*** Supplied data ***
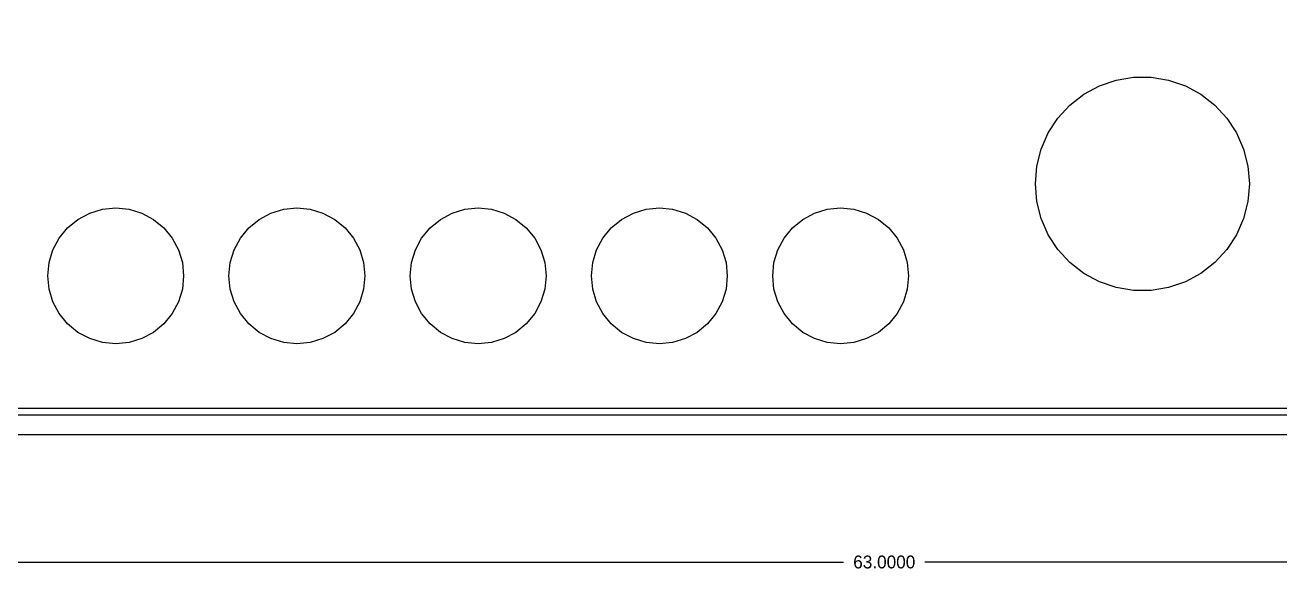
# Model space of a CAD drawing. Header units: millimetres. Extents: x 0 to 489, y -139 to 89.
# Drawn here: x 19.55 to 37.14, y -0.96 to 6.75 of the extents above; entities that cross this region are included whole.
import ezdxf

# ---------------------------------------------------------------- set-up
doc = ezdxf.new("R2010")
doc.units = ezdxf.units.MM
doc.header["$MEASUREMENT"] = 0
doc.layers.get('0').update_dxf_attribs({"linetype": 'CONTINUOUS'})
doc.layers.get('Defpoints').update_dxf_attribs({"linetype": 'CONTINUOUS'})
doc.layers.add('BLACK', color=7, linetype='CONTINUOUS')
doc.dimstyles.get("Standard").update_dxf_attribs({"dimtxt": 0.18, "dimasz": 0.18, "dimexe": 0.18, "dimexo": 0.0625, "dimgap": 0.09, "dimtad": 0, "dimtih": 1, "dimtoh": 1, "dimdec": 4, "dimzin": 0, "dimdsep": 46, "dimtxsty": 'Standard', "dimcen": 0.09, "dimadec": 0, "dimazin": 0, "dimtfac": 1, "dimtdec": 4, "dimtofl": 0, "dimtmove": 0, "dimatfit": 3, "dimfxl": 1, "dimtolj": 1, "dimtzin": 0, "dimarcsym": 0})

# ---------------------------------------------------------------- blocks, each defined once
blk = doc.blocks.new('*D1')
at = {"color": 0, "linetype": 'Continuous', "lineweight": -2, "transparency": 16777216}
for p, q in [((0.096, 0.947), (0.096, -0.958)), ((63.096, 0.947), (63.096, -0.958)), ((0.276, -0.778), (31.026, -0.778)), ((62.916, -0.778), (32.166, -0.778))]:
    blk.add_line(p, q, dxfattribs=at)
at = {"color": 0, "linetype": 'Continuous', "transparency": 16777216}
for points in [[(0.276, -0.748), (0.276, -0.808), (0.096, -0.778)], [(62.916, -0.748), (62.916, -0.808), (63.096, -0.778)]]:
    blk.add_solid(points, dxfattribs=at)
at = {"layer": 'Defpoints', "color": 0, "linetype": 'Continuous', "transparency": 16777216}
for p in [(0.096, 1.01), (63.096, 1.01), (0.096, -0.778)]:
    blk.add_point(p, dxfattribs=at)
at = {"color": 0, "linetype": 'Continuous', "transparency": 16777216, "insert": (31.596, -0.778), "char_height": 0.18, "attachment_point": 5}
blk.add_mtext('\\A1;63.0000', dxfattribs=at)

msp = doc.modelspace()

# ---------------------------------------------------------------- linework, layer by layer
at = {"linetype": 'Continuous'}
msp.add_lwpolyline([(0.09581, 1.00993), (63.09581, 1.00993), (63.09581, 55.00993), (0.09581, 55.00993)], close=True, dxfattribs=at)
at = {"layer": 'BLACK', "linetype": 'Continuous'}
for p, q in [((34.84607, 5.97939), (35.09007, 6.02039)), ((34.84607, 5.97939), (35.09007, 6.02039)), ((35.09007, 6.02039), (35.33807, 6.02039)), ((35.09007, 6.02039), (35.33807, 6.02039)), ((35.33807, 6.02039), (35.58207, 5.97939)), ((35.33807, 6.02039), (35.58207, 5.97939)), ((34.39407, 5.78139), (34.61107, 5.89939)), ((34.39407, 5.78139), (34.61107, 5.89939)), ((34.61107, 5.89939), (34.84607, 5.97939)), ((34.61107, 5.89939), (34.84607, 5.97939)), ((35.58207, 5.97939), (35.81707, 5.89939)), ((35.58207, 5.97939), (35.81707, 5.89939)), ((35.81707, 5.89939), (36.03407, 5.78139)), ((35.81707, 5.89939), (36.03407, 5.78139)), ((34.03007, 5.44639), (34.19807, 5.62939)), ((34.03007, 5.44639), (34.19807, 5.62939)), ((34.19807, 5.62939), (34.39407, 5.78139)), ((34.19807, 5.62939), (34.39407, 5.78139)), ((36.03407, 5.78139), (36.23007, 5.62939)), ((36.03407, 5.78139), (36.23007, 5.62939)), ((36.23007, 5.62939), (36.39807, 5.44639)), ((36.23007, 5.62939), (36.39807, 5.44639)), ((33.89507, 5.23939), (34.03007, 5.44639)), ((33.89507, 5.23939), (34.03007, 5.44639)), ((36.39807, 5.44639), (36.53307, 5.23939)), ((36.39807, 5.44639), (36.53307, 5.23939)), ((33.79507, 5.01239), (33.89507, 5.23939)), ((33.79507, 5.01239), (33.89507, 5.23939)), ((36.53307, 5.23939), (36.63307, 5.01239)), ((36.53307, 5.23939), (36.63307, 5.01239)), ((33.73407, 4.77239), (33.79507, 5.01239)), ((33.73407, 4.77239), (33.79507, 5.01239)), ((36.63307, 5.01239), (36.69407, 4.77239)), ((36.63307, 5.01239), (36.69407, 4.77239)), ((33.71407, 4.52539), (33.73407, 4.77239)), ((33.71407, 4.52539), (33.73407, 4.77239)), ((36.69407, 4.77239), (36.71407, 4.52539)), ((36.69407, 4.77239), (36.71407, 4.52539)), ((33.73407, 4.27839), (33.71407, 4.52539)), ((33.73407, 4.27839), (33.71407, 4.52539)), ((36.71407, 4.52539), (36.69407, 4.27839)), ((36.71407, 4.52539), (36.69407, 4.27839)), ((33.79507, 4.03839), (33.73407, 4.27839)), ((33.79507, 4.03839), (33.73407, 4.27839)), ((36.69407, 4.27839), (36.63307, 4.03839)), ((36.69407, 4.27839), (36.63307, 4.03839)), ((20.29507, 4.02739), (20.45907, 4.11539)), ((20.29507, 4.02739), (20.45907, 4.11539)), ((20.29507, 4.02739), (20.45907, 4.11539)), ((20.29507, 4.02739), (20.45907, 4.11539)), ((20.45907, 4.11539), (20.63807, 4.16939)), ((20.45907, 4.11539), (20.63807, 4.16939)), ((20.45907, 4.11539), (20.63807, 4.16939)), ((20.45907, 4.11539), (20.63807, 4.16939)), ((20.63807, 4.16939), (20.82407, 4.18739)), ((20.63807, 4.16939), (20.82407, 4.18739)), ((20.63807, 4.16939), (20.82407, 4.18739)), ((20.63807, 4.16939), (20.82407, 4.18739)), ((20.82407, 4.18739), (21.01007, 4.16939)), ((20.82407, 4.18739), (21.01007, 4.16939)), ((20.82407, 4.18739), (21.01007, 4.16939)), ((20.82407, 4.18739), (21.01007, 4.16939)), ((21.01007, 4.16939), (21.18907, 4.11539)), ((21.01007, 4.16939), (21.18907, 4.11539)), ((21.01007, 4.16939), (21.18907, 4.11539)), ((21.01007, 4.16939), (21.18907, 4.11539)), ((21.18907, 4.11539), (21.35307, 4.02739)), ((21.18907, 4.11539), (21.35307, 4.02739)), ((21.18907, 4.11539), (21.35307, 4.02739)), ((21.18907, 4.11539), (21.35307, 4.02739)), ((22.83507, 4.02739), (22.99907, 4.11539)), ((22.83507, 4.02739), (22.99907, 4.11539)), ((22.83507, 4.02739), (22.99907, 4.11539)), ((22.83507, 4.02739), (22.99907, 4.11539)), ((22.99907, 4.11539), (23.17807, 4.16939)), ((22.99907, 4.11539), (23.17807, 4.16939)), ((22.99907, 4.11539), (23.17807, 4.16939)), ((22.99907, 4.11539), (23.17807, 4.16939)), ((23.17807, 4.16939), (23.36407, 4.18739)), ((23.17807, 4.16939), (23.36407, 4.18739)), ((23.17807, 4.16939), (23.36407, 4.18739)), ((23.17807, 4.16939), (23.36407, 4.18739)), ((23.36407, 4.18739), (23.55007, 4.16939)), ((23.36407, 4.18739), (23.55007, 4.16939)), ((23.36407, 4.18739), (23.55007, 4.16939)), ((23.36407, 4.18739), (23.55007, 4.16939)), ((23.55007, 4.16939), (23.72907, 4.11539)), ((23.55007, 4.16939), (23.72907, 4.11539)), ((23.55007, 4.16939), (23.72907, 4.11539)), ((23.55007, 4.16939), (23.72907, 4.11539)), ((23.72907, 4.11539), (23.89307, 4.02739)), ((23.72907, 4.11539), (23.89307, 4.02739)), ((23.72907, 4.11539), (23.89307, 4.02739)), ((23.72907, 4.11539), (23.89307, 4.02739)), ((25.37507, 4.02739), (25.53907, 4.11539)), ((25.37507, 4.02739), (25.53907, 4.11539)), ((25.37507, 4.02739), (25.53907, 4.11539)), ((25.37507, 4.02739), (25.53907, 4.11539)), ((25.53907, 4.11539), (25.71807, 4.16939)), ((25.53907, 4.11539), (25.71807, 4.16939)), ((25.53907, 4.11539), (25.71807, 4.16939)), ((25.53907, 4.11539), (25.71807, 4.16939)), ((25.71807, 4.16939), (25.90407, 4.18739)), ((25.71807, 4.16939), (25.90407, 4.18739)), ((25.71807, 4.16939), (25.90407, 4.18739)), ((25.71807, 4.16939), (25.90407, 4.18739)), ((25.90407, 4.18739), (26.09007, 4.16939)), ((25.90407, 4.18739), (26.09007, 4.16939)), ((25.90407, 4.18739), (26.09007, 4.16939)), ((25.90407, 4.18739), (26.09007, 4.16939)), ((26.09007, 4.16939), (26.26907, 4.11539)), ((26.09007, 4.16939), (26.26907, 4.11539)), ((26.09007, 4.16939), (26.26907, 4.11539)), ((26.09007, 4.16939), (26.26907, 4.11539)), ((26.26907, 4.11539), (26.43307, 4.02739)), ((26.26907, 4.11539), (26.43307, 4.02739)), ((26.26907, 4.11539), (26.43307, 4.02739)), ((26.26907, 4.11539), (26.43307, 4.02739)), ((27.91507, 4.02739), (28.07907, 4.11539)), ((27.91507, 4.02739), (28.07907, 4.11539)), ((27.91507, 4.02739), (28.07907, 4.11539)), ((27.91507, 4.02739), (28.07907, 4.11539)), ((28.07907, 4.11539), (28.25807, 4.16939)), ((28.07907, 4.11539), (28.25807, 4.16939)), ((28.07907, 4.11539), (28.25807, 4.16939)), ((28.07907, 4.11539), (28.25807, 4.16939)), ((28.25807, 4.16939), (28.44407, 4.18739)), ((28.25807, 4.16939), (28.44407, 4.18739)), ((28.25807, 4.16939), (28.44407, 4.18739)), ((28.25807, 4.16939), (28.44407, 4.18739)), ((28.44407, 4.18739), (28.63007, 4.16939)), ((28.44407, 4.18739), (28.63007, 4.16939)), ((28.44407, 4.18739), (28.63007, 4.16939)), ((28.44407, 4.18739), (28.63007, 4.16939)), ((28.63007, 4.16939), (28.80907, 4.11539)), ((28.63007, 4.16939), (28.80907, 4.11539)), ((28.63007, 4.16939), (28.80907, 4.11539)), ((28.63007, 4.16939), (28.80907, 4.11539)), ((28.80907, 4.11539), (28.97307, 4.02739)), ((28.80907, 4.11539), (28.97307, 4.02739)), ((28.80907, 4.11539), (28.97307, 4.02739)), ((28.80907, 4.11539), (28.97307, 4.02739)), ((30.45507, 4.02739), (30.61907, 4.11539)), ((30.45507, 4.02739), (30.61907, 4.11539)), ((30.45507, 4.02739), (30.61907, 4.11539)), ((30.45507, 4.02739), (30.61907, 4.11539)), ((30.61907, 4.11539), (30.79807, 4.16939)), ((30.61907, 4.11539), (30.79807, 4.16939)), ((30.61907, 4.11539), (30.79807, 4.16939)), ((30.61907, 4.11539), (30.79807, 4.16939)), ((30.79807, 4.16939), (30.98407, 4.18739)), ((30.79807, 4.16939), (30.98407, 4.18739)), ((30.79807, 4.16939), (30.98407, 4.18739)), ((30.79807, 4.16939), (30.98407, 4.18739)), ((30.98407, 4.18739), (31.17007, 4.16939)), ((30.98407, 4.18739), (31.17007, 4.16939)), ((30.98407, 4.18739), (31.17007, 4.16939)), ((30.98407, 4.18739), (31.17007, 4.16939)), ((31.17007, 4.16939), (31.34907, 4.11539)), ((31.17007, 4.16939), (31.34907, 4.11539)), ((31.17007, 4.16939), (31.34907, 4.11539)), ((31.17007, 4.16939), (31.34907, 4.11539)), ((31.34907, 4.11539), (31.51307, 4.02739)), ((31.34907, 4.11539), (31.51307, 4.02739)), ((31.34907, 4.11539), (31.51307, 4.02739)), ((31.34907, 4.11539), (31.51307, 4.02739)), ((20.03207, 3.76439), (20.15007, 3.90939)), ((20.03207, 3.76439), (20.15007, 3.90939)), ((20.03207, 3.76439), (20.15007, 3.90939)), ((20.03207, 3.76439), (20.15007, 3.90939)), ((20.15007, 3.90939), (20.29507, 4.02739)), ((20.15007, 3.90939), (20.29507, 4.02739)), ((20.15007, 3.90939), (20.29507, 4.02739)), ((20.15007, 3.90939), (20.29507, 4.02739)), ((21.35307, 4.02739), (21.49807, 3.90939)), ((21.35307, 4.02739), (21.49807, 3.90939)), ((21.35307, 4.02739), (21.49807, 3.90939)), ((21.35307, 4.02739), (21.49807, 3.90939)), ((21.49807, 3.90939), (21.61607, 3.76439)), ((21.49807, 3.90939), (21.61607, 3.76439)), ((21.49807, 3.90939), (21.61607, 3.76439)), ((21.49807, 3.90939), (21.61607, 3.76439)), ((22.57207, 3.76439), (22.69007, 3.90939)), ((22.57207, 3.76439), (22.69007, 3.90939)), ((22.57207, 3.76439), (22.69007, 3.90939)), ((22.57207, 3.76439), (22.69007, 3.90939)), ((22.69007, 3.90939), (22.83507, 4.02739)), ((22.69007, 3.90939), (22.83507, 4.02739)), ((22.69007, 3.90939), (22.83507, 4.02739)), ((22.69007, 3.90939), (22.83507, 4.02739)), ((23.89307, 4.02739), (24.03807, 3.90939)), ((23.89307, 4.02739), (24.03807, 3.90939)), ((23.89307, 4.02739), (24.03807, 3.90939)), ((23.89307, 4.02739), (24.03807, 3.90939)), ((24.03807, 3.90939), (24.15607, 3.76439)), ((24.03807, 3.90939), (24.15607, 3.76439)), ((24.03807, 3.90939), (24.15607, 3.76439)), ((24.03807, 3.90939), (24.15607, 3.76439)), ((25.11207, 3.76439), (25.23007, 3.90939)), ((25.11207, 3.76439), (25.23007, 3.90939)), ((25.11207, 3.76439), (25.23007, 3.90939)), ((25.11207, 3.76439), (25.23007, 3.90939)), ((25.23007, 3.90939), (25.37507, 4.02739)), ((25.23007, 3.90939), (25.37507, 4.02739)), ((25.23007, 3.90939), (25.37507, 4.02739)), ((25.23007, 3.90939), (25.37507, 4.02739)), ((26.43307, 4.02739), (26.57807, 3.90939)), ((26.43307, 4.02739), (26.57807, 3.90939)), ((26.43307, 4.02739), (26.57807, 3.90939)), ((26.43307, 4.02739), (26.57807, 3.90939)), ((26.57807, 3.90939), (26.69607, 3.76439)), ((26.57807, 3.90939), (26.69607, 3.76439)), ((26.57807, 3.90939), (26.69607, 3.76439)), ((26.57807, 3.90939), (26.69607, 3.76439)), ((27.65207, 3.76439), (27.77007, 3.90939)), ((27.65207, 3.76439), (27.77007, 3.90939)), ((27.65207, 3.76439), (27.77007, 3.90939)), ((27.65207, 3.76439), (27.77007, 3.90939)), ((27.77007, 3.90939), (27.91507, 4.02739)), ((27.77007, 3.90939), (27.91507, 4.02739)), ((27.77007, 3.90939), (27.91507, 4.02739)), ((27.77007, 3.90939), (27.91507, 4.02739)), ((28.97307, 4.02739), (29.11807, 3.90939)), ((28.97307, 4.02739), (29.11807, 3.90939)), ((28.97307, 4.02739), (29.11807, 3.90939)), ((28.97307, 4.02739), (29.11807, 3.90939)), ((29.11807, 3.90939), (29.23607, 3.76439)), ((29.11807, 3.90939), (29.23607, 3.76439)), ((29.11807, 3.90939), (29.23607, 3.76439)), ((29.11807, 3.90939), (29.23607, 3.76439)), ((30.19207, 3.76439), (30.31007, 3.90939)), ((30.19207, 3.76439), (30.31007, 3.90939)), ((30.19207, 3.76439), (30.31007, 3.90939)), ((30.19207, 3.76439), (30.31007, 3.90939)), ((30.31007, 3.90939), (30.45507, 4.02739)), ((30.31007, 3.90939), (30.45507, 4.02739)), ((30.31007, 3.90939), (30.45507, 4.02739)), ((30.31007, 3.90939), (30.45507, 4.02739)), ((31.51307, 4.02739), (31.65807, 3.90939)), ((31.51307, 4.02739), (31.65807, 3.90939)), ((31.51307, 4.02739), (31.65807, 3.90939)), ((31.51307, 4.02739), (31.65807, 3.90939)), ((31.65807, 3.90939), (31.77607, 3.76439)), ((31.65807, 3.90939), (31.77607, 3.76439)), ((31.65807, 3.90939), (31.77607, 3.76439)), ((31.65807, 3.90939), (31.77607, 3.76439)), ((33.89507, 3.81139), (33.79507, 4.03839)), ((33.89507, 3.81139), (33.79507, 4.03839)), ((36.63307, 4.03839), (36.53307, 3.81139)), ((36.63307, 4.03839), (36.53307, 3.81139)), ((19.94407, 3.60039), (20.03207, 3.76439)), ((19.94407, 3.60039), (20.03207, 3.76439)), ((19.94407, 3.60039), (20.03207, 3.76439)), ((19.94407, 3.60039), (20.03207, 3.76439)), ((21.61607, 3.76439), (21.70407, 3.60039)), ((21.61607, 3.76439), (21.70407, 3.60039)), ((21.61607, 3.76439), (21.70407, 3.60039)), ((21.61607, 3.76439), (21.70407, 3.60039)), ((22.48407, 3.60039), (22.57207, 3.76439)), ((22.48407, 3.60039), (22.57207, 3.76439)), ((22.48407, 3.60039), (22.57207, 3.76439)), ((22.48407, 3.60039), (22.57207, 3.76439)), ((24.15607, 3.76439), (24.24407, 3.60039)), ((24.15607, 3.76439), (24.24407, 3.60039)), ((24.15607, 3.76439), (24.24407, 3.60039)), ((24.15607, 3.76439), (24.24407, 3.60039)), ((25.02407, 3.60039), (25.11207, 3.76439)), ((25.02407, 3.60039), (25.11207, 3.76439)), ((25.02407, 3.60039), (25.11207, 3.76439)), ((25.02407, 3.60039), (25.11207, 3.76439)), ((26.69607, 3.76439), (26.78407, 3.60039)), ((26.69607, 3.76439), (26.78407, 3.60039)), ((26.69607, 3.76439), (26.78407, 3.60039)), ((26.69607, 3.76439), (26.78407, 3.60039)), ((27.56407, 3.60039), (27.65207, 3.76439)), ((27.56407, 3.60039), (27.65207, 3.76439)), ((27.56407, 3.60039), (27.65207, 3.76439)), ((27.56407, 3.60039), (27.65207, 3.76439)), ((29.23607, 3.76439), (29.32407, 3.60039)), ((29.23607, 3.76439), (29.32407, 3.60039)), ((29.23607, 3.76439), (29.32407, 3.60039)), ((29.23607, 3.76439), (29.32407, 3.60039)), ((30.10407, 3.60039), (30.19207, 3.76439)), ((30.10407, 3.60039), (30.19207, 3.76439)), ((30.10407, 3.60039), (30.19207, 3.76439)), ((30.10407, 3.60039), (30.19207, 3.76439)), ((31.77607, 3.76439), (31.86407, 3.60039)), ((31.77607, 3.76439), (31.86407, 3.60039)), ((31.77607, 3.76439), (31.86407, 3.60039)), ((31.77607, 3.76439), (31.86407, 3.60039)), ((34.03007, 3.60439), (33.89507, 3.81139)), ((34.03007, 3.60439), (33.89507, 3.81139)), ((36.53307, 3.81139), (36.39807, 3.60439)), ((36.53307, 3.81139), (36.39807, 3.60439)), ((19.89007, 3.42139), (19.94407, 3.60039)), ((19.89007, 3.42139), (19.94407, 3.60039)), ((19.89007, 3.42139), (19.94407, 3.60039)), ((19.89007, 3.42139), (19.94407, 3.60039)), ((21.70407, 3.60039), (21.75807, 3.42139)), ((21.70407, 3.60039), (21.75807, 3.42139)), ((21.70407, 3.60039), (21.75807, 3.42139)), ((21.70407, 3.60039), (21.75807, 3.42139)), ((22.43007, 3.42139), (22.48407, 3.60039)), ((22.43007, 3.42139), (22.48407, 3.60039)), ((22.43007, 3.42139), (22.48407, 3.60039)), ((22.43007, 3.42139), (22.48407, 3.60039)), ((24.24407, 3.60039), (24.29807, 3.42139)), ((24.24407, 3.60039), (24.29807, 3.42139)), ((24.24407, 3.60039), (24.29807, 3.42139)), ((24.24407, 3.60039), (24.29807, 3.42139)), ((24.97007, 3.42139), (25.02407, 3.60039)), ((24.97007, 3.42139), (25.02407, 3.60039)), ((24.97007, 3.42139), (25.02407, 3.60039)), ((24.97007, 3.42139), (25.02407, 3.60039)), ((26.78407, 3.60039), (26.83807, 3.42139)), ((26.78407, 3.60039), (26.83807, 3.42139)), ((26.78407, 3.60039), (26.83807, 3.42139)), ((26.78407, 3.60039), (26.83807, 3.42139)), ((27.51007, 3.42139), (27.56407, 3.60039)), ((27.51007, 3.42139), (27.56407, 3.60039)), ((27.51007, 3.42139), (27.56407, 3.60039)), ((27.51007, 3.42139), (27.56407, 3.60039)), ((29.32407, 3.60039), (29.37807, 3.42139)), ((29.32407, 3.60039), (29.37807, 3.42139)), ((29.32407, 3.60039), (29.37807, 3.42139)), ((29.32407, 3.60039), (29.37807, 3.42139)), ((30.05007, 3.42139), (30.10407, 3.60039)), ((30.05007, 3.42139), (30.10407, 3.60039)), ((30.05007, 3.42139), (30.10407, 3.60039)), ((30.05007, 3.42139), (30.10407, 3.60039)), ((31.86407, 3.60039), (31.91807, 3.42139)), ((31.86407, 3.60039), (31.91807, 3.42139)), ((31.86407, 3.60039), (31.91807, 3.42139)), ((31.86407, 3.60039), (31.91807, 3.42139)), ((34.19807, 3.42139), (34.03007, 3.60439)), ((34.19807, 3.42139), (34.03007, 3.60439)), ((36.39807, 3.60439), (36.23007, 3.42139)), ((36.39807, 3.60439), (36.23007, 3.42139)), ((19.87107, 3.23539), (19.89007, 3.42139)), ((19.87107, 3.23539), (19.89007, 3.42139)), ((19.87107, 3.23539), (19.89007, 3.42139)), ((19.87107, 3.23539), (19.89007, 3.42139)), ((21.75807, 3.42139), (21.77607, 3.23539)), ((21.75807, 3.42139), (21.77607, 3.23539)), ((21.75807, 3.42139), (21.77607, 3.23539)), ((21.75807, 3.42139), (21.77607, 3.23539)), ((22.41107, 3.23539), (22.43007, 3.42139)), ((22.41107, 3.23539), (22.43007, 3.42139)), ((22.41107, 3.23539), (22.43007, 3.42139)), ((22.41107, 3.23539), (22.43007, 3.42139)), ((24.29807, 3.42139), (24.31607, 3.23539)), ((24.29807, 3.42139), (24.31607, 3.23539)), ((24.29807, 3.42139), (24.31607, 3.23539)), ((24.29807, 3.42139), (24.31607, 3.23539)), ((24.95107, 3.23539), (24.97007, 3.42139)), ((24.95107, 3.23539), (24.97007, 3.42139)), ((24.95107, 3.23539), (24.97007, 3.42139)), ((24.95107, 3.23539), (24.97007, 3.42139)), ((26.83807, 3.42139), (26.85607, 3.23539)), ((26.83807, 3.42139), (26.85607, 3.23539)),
***
- _Exercise aim_
In the listing above, how many of the lines include "units"? Give only the figure.

- _Output_
2